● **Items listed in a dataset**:
-------

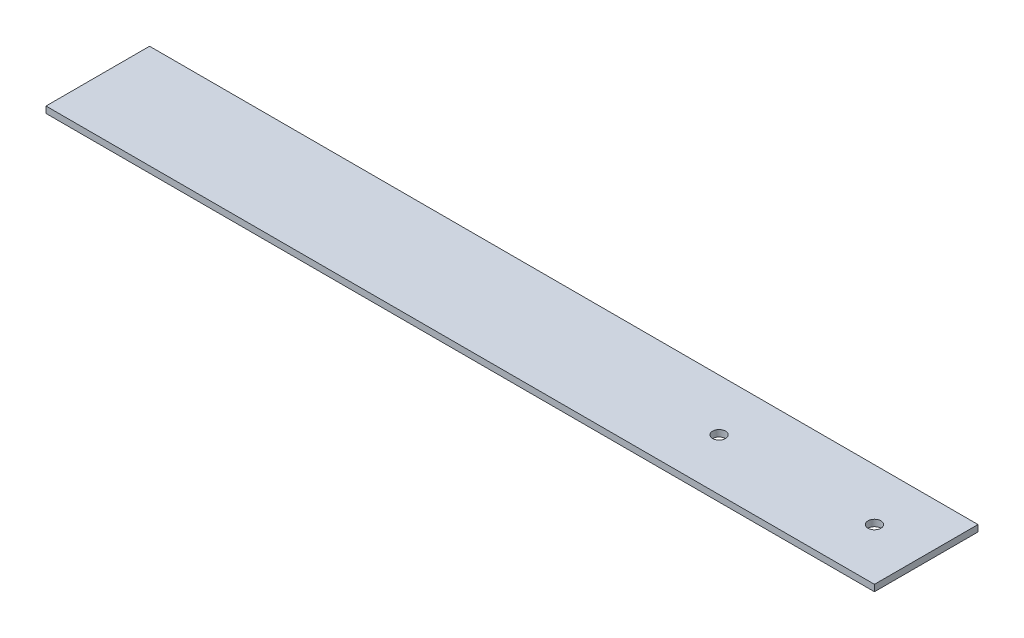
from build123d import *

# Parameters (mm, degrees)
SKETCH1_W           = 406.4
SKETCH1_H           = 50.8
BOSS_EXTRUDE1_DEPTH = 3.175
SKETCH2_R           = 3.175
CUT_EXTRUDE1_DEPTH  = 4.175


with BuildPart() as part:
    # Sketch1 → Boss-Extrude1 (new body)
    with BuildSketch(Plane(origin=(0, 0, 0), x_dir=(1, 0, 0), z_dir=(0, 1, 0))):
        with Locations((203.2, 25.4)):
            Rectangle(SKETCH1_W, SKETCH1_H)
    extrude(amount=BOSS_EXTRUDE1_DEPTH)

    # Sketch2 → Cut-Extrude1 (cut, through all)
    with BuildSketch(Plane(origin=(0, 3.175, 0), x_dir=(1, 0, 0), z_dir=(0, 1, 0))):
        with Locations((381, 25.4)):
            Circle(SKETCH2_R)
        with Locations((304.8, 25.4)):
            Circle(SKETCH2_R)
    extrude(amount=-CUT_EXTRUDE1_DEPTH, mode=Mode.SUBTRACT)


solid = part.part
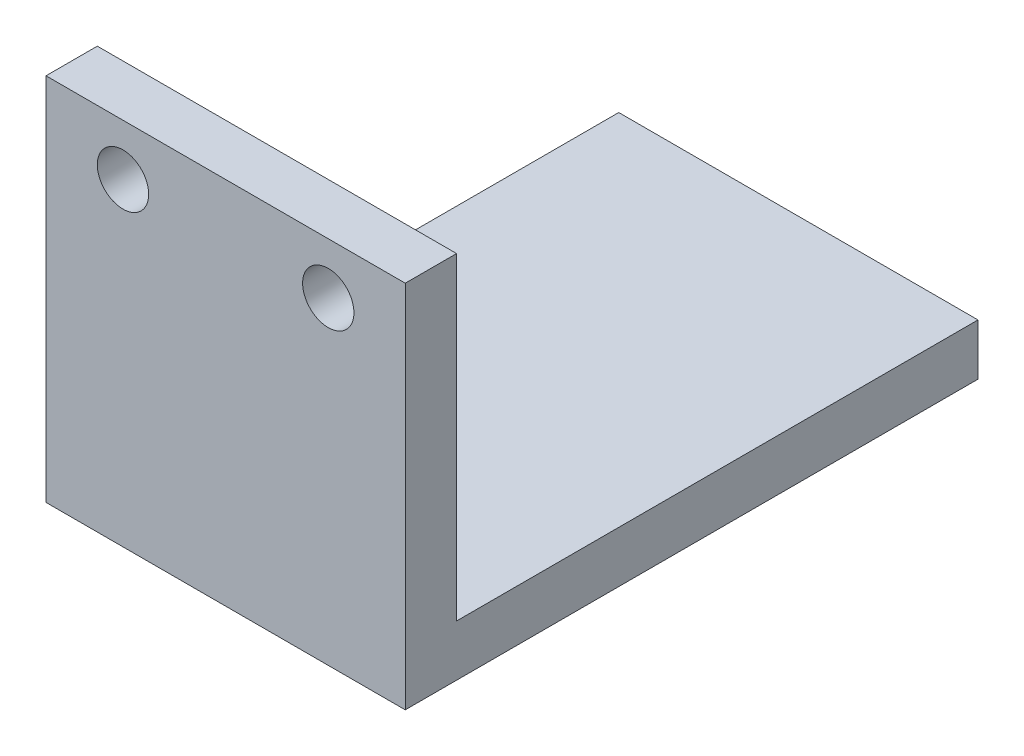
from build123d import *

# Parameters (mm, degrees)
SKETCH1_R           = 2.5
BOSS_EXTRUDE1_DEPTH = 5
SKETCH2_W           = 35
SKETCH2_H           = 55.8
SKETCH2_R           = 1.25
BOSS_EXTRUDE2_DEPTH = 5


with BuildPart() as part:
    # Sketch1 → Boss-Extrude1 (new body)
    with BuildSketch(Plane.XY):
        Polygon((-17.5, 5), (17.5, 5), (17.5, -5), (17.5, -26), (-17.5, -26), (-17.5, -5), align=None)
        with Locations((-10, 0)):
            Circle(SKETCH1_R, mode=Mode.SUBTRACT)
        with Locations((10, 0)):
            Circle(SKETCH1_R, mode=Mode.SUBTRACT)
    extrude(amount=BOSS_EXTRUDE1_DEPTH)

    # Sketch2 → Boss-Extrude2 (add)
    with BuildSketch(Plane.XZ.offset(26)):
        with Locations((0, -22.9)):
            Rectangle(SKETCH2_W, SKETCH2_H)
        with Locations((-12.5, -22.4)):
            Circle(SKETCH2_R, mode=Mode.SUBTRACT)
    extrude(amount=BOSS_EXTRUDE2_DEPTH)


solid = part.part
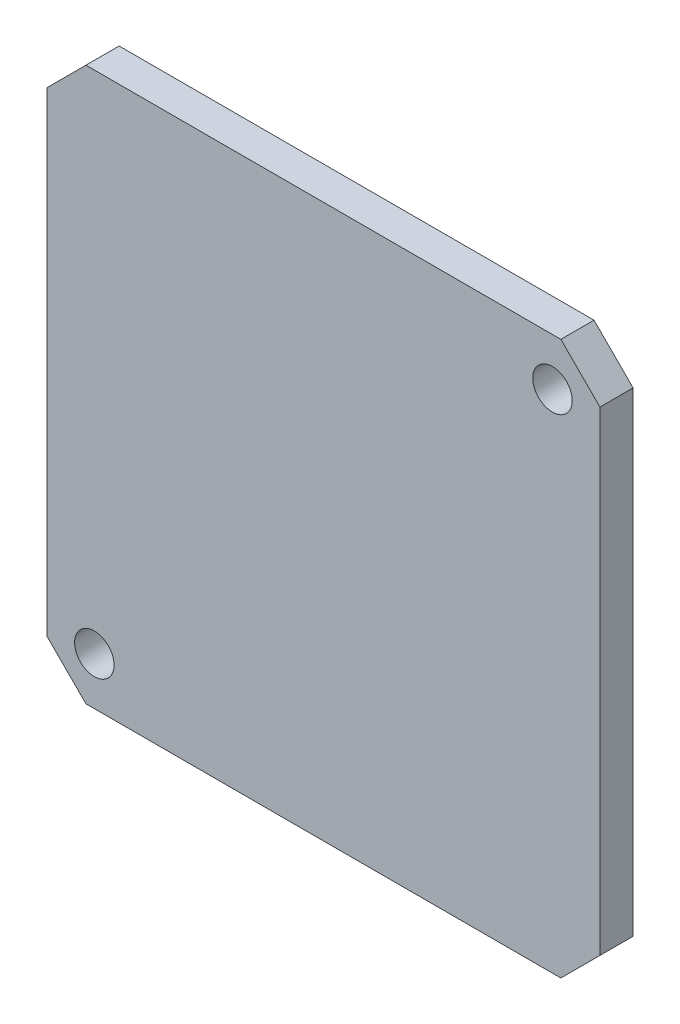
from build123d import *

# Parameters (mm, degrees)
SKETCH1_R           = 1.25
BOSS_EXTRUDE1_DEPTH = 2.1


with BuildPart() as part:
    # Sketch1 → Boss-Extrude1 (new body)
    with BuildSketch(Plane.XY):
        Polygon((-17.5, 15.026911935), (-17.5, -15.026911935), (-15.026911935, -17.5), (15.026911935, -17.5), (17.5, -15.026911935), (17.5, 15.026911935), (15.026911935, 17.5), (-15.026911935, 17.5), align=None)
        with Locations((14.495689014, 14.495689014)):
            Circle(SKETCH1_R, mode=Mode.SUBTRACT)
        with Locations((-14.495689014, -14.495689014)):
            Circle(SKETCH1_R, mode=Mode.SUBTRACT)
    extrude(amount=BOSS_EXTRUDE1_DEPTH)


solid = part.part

-------

● **PROBLEM STATEMENT**:
Carry over each record above character for character, with the pictures left out.

● **WRITTEN ANSWER**:
from build123d import *

# Parameters (mm, degrees)
SKETCH1_W           = 406.4
SKETCH1_H           = 50.8
BOSS_EXTRUDE1_DEPTH = 3.175
SKETCH2_R           = 3.175
CUT_EXTRUDE1_DEPTH  = 4.175


with BuildPart() as part:
    # Sketch1 → Boss-Extrude1 (new body)
    with BuildSketch(Plane(origin=(0, 0, 0), x_dir=(1, 0, 0), z_dir=(0, 1, 0))):
        with Locations((203.2, 25.4)):
            Rectangle(SKETCH1_W, SKETCH1_H)
    extrude(amount=BOSS_EXTRUDE1_DEPTH)

    # Sketch2 → Cut-Extrude1 (cut, through all)
    with BuildSketch(Plane(origin=(0, 3.175, 0), x_dir=(1, 0, 0), z_dir=(0, 1, 0))):
        with Locations((381, 25.4)):
            Circle(SKETCH2_R)
        with Locations((304.8, 25.4)):
            Circle(SKETCH2_R)
    extrude(amount=-CUT_EXTRUDE1_DEPTH, mode=Mode.SUBTRACT)


solid = part.part
from build123d import *

# Parameters (mm, degrees)
SKETCH1_R           = 2.5
BOSS_EXTRUDE1_DEPTH = 5
SKETCH2_W           = 35
SKETCH2_H           = 55.8
SKETCH2_R           = 1.25
BOSS_EXTRUDE2_DEPTH = 5


with BuildPart() as part:
    # Sketch1 → Boss-Extrude1 (new body)
    with BuildSketch(Plane.XY):
        Polygon((-17.5, 5), (17.5, 5), (17.5, -5), (17.5, -26), (-17.5, -26), (-17.5, -5), align=None)
        with Locations((-10, 0)):
            Circle(SKETCH1_R, mode=Mode.SUBTRACT)
        with Locations((10, 0)):
            Circle(SKETCH1_R, mode=Mode.SUBTRACT)
    extrude(amount=BOSS_EXTRUDE1_DEPTH)

    # Sketch2 → Boss-Extrude2 (add)
    with BuildSketch(Plane.XZ.offset(26)):
        with Locations((0, -22.9)):
            Rectangle(SKETCH2_W, SKETCH2_H)
        with Locations((-12.5, -22.4)):
            Circle(SKETCH2_R, mode=Mode.SUBTRACT)
    extrude(amount=BOSS_EXTRUDE2_DEPTH)


solid = part.part
from build123d import *

# Parameters (mm, degrees)
SKETCH1_R           = 1.25
BOSS_EXTRUDE1_DEPTH = 2.1


with BuildPart() as part:
    # Sketch1 → Boss-Extrude1 (new body)
    with BuildSketch(Plane.XY):
        Polygon((-17.5, 15.026911935), (-17.5, -15.026911935), (-15.026911935, -17.5), (15.026911935, -17.5), (17.5, -15.026911935), (17.5, 15.026911935), (15.026911935, 17.5), (-15.026911935, 17.5), align=None)
        with Locations((14.495689014, 14.495689014)):
            Circle(SKETCH1_R, mode=Mode.SUBTRACT)
        with Locations((-14.495689014, -14.495689014)):
            Circle(SKETCH1_R, mode=Mode.SUBTRACT)
    extrude(amount=BOSS_EXTRUDE1_DEPTH)


solid = part.part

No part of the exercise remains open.